### Data in this exercise:
....
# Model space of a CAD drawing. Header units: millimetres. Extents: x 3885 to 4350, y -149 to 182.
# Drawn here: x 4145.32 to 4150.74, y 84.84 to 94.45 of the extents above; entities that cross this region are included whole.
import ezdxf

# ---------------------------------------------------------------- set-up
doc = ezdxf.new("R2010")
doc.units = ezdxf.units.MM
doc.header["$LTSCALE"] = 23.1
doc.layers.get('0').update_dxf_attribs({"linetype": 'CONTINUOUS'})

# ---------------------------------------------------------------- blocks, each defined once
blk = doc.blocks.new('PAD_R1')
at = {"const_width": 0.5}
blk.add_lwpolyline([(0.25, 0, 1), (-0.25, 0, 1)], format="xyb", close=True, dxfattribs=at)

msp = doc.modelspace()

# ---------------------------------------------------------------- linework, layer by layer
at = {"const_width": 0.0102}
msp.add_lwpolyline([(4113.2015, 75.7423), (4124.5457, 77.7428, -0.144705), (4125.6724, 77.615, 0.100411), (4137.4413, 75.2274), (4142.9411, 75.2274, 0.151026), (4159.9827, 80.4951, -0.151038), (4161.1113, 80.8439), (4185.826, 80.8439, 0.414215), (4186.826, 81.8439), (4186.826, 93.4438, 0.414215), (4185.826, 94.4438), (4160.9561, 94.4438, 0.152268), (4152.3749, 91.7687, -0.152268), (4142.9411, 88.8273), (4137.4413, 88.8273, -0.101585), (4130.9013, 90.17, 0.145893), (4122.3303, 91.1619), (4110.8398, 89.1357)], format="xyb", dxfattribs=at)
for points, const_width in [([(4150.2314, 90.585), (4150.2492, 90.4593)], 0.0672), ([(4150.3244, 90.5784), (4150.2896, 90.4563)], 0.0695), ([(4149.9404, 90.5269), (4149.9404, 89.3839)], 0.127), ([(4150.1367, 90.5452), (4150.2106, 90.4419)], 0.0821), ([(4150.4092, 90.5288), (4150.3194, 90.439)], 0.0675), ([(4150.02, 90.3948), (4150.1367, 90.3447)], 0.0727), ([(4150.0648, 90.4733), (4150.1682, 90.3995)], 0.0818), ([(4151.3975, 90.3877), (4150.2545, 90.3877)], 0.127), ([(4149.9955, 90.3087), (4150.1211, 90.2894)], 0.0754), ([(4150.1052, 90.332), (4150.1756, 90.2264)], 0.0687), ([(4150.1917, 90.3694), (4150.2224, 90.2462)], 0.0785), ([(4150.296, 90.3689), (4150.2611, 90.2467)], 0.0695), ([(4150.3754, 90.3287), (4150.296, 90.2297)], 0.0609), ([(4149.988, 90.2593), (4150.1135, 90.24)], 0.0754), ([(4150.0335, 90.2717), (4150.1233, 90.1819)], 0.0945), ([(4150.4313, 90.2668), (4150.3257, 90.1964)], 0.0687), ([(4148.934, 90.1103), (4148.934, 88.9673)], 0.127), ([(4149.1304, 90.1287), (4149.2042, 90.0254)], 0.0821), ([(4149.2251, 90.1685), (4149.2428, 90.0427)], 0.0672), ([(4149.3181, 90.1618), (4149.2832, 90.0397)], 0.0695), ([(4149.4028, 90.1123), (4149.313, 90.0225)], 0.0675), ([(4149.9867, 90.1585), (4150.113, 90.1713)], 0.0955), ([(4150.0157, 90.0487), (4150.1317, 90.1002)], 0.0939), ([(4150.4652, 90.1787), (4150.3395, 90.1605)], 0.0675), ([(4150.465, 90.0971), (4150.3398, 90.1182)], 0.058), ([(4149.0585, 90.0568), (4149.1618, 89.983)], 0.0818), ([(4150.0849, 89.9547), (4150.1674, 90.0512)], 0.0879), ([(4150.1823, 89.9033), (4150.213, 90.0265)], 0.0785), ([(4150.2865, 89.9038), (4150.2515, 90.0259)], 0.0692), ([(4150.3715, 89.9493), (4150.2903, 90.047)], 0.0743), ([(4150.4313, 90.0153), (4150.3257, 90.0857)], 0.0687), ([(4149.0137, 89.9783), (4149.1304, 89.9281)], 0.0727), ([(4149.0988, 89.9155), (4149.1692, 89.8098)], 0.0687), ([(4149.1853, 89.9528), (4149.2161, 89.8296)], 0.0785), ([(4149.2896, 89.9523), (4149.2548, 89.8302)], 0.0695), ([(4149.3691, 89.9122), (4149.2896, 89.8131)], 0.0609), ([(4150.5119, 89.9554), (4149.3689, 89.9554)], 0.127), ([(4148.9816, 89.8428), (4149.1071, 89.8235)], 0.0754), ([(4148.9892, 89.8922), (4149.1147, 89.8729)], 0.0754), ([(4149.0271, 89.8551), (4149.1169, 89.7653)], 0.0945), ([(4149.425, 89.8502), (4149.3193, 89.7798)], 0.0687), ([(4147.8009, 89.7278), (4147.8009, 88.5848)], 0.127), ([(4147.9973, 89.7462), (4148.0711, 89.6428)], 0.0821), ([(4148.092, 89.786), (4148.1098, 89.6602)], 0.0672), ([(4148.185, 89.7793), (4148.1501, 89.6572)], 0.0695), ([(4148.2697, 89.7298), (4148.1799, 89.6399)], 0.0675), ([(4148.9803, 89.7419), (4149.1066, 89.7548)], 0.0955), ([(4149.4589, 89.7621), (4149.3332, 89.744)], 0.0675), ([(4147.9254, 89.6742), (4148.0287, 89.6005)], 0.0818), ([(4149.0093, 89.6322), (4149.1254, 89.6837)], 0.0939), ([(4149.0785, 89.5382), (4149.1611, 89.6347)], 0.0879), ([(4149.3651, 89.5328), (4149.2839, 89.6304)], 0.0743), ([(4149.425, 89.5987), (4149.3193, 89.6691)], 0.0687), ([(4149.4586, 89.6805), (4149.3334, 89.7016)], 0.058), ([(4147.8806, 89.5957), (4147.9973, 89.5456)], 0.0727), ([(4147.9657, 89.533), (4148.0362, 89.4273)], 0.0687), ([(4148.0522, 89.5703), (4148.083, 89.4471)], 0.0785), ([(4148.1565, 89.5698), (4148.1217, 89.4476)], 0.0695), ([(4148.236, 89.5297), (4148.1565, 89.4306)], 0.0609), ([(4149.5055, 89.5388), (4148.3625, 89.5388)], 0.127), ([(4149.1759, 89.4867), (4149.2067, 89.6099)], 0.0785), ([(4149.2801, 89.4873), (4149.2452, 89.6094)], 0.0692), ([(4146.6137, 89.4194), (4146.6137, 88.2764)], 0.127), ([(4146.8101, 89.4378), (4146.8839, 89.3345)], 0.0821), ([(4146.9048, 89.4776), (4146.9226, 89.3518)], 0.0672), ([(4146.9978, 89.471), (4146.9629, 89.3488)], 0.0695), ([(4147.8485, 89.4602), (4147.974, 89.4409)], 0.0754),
....
### Requirement:
Would you print, exactly as written, every line above from the one holding "import ezdxf" through the one holding "blk = doc.blocks.new('PAD_R1')", with both included and no other lines?

### Problem solution:
import ezdxf

# ---------------------------------------------------------------- set-up
doc = ezdxf.new("R2010")
doc.units = ezdxf.units.MM
doc.header["$LTSCALE"] = 23.1
doc.layers.get('0').update_dxf_attribs({"linetype": 'CONTINUOUS'})

# ---------------------------------------------------------------- blocks, each defined once
blk = doc.blocks.new('PAD_R1')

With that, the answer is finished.